◆ **Task goal**
Both the line below containing "#53=VERTEX_POINT('',#52);" and the line containing "#76=EDGE_CURVE('E164',#69,#51,#75,.T.);", along with every line between them, should be repeated exactly; no other line belongs in the answer.

◆ **Available records**
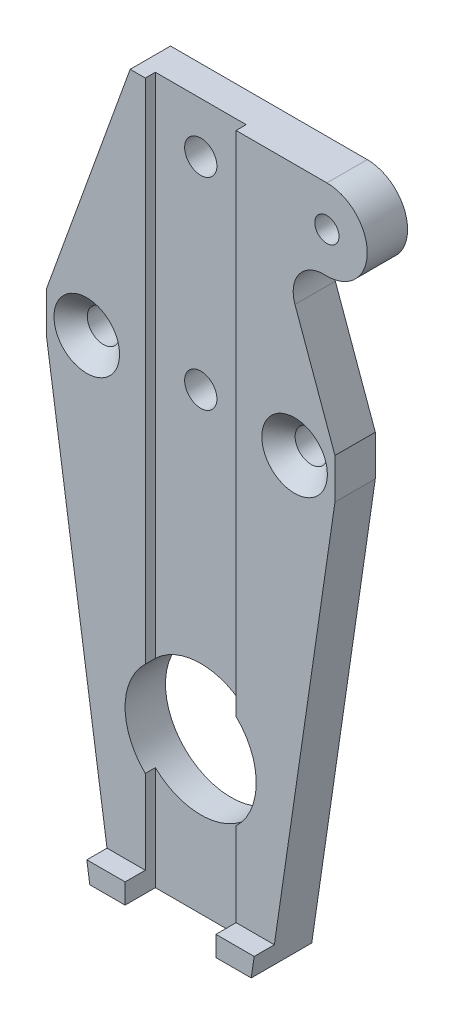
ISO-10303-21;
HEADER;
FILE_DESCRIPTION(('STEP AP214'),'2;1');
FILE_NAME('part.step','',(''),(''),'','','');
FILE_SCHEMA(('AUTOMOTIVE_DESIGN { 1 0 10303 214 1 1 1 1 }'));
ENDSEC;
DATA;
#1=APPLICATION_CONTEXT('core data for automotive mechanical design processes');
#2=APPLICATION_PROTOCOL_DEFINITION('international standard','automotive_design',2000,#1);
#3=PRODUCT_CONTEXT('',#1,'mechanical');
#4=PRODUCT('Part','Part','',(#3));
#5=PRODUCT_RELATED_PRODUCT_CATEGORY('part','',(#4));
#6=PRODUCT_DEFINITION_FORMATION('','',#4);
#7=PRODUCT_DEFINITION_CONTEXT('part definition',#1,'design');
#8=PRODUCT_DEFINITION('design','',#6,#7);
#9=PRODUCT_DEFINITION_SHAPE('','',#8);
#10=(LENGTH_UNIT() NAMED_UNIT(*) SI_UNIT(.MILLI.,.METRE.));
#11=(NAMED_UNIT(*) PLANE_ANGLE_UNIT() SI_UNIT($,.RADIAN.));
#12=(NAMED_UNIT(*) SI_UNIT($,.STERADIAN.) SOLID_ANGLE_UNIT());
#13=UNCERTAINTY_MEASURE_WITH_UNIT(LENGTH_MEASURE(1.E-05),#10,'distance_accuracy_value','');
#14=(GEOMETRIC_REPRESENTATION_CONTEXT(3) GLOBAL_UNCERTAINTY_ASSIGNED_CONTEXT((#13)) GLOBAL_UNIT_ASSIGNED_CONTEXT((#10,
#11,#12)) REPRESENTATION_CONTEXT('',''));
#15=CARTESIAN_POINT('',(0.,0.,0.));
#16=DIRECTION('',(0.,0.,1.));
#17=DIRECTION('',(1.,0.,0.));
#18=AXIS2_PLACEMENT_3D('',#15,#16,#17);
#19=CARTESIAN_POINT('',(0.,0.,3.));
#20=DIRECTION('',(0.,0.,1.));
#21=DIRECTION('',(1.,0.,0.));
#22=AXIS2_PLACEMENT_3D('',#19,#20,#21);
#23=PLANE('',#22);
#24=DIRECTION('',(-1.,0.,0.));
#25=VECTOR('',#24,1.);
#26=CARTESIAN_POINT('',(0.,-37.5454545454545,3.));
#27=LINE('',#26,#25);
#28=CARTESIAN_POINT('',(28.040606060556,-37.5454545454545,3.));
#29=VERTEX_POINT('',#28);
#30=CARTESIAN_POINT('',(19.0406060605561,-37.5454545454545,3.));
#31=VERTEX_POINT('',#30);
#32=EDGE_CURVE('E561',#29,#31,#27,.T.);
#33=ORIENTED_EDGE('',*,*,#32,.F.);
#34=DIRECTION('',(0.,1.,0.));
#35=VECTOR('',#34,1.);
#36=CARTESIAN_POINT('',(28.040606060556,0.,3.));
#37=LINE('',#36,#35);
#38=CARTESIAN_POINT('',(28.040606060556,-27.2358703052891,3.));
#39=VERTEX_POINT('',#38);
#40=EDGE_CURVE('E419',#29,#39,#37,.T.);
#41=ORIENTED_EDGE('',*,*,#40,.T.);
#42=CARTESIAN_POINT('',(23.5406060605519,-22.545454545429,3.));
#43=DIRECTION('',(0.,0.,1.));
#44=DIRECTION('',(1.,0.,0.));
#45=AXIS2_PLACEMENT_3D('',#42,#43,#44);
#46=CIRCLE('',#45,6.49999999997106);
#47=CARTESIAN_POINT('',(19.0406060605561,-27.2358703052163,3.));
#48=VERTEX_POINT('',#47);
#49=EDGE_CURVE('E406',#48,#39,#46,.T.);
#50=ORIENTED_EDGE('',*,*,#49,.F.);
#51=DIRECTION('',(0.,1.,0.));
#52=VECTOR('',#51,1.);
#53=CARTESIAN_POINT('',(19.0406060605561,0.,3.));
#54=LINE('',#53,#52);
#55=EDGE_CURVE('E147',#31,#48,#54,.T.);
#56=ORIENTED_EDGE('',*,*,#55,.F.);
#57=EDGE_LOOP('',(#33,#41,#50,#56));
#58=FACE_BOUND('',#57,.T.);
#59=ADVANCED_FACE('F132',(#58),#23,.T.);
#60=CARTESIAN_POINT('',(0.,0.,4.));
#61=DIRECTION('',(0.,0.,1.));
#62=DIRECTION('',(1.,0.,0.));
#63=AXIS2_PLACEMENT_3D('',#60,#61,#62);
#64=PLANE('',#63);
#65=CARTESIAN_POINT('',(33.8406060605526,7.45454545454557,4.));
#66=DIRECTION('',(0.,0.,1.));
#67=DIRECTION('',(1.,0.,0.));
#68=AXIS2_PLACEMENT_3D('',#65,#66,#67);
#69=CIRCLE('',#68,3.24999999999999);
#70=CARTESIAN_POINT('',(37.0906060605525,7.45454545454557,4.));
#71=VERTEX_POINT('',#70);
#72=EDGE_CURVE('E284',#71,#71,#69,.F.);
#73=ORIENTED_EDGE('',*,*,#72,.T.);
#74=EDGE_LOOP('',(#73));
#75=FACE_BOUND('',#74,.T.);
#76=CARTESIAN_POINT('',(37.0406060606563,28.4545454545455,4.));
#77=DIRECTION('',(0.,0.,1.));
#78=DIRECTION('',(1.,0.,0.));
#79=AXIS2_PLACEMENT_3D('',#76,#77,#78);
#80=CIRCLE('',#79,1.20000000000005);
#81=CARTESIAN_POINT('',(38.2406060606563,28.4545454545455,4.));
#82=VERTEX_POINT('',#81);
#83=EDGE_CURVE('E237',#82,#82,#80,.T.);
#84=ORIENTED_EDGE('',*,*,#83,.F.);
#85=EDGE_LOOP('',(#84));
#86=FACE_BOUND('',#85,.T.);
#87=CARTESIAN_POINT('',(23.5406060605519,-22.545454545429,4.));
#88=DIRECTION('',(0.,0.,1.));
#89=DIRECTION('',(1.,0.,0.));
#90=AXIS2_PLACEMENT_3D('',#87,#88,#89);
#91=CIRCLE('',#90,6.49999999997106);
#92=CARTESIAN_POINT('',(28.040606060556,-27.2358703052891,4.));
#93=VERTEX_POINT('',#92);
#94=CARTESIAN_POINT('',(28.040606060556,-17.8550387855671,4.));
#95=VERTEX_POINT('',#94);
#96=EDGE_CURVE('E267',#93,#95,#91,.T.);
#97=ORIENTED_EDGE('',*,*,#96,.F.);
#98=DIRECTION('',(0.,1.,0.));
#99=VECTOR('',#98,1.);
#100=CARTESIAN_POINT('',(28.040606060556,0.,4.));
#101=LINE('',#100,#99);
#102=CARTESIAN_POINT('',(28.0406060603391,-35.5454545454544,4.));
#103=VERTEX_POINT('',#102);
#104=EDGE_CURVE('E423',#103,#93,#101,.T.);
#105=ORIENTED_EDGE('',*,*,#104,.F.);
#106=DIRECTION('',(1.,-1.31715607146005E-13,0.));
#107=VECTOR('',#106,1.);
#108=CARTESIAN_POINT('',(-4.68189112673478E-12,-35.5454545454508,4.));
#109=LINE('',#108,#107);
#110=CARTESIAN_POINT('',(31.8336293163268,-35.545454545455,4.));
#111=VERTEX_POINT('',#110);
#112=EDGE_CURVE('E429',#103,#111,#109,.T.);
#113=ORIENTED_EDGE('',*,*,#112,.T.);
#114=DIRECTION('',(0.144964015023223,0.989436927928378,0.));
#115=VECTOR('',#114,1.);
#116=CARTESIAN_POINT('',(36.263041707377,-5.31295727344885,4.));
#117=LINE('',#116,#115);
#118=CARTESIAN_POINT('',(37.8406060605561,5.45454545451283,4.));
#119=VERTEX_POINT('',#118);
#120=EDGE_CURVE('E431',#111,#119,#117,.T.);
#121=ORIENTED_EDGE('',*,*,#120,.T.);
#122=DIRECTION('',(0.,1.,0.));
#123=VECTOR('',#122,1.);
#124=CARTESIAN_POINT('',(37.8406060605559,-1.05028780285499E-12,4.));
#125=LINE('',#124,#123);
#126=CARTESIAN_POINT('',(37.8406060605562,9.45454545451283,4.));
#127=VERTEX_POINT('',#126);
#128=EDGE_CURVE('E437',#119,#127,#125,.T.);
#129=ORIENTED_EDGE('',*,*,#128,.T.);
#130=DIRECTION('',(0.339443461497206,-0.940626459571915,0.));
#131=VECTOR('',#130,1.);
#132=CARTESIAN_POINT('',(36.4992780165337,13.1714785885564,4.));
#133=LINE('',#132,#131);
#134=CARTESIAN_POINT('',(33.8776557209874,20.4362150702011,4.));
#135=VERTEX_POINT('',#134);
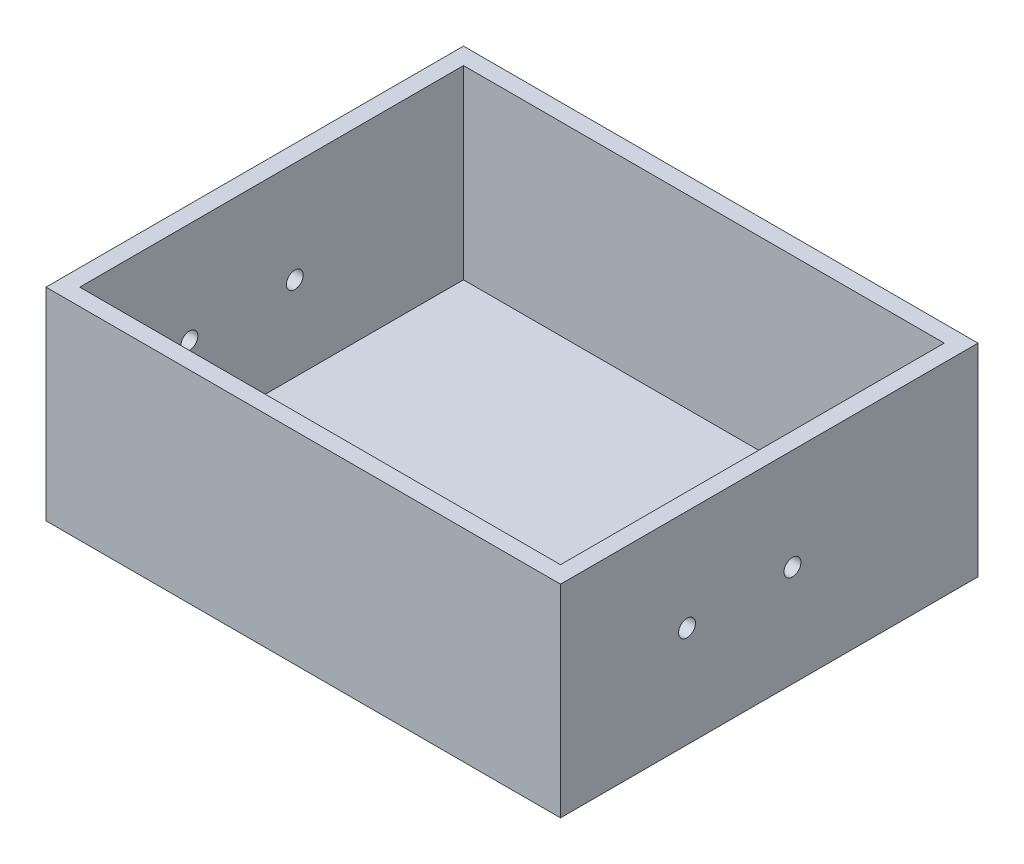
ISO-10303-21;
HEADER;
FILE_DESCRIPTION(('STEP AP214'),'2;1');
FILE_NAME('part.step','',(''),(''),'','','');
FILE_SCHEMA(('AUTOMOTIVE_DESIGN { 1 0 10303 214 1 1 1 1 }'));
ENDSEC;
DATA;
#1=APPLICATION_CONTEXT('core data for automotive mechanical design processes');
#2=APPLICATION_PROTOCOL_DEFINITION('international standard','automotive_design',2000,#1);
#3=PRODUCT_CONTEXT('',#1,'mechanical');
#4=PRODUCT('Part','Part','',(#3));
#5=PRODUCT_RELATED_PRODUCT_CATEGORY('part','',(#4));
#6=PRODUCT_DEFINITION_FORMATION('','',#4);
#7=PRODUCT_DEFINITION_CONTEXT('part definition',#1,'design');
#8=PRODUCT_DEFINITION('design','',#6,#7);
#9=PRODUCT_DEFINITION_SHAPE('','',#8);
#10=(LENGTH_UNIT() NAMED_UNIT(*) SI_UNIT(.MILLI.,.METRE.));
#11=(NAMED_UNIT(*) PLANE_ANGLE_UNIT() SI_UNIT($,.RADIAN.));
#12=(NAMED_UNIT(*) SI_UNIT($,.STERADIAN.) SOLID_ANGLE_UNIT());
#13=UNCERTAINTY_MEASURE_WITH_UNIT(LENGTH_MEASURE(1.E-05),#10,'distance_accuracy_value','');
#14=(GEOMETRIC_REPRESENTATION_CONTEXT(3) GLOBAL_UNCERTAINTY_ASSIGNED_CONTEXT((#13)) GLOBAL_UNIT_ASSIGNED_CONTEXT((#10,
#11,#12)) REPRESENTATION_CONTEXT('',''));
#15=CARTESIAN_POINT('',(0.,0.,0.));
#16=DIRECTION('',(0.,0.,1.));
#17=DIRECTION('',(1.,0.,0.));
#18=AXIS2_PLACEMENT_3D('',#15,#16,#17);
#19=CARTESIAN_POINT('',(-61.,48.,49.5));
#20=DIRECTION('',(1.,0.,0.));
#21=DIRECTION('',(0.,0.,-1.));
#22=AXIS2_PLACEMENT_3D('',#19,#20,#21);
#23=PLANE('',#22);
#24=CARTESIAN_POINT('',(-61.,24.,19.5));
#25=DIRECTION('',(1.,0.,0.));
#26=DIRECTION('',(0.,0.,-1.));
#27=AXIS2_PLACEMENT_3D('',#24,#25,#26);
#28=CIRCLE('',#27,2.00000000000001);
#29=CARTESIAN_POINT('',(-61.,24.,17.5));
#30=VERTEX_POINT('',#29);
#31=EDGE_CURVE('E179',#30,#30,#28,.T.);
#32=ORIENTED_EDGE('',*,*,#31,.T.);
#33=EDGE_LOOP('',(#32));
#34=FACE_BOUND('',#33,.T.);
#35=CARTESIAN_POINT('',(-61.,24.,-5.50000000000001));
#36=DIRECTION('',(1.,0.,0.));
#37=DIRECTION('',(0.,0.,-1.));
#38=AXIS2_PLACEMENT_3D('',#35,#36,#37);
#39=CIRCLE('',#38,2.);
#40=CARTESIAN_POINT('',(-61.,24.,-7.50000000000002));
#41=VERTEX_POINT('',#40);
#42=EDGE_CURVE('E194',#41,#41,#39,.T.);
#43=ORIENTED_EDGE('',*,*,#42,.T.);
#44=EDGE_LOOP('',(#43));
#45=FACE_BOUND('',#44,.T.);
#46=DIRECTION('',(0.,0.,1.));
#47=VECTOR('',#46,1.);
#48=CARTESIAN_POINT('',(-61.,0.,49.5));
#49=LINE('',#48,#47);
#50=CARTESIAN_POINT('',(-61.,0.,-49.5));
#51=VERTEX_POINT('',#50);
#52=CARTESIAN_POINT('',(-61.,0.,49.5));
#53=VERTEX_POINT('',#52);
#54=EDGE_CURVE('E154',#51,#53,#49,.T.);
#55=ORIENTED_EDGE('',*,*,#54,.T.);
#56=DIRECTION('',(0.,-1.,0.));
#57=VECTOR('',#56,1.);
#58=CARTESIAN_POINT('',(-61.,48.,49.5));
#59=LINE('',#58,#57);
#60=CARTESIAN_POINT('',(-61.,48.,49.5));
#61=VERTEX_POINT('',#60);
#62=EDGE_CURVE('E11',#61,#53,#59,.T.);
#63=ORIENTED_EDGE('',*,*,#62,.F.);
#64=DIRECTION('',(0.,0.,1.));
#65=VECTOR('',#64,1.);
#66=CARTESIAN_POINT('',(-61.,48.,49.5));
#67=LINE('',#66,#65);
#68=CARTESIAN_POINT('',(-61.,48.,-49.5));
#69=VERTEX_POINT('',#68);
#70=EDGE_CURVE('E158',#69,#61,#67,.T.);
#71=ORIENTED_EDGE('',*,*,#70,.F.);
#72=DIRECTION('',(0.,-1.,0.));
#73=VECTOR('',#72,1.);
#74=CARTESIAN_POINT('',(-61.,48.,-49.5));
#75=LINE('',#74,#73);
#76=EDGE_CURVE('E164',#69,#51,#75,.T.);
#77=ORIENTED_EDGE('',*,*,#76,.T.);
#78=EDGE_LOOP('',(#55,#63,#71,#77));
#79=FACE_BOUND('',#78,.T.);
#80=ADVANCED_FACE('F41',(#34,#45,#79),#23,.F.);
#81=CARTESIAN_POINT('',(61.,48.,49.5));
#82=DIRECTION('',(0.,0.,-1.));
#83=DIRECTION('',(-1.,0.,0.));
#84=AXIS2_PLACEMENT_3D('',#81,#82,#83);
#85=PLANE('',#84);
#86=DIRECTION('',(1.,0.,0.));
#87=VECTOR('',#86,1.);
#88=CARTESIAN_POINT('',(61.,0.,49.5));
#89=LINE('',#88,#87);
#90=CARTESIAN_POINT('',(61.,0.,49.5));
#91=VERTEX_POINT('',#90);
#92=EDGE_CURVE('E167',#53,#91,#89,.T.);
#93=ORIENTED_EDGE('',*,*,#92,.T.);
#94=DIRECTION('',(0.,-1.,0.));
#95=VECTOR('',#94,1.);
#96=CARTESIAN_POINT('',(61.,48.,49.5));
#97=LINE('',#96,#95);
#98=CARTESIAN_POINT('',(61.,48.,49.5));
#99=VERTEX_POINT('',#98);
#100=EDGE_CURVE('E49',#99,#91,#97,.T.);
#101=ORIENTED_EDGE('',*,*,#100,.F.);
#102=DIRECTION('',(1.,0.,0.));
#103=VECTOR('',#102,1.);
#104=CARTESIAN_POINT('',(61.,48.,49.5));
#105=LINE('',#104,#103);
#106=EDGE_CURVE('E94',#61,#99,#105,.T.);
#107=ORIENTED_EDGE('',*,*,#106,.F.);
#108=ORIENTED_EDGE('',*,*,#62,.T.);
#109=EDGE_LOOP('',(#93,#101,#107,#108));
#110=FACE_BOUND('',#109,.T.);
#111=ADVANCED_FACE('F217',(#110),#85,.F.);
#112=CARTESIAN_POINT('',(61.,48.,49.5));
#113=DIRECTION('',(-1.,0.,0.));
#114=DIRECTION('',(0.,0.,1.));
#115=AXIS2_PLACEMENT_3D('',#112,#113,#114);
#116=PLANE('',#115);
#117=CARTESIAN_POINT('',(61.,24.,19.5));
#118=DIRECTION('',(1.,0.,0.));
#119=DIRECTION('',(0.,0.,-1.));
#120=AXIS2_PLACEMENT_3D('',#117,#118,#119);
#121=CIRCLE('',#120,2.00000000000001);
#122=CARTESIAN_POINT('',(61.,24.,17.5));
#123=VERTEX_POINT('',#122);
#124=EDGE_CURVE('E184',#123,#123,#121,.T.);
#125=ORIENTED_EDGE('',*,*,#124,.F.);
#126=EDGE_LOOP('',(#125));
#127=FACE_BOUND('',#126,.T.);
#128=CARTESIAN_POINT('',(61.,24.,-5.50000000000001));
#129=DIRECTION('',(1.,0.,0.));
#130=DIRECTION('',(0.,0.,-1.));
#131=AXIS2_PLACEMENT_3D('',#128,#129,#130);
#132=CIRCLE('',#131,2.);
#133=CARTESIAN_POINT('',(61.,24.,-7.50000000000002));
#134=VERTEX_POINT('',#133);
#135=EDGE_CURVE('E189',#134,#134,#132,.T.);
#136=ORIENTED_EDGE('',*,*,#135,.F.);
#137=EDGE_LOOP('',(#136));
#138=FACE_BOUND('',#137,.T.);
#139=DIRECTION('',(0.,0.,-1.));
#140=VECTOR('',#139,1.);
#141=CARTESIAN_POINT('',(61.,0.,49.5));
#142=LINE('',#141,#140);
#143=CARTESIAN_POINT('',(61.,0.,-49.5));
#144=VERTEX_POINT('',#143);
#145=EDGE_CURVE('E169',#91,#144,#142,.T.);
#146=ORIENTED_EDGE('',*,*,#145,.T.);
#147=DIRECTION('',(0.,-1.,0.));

◆ **Completed task**
#53=VERTEX_POINT('',#52);
#54=EDGE_CURVE('E154',#51,#53,#49,.T.);
#55=ORIENTED_EDGE('',*,*,#54,.T.);
#56=DIRECTION('',(0.,-1.,0.));
#57=VECTOR('',#56,1.);
#58=CARTESIAN_POINT('',(-61.,48.,49.5));
#59=LINE('',#58,#57);
#60=CARTESIAN_POINT('',(-61.,48.,49.5));
#61=VERTEX_POINT('',#60);
#62=EDGE_CURVE('E11',#61,#53,#59,.T.);
#63=ORIENTED_EDGE('',*,*,#62,.F.);
#64=DIRECTION('',(0.,0.,1.));
#65=VECTOR('',#64,1.);
#66=CARTESIAN_POINT('',(-61.,48.,49.5));
#67=LINE('',#66,#65);
#68=CARTESIAN_POINT('',(-61.,48.,-49.5));
#69=VERTEX_POINT('',#68);
#70=EDGE_CURVE('E158',#69,#61,#67,.T.);
#71=ORIENTED_EDGE('',*,*,#70,.F.);
#72=DIRECTION('',(0.,-1.,0.));
#73=VECTOR('',#72,1.);
#74=CARTESIAN_POINT('',(-61.,48.,-49.5));
#75=LINE('',#74,#73);
#76=EDGE_CURVE('E164',#69,#51,#75,.T.);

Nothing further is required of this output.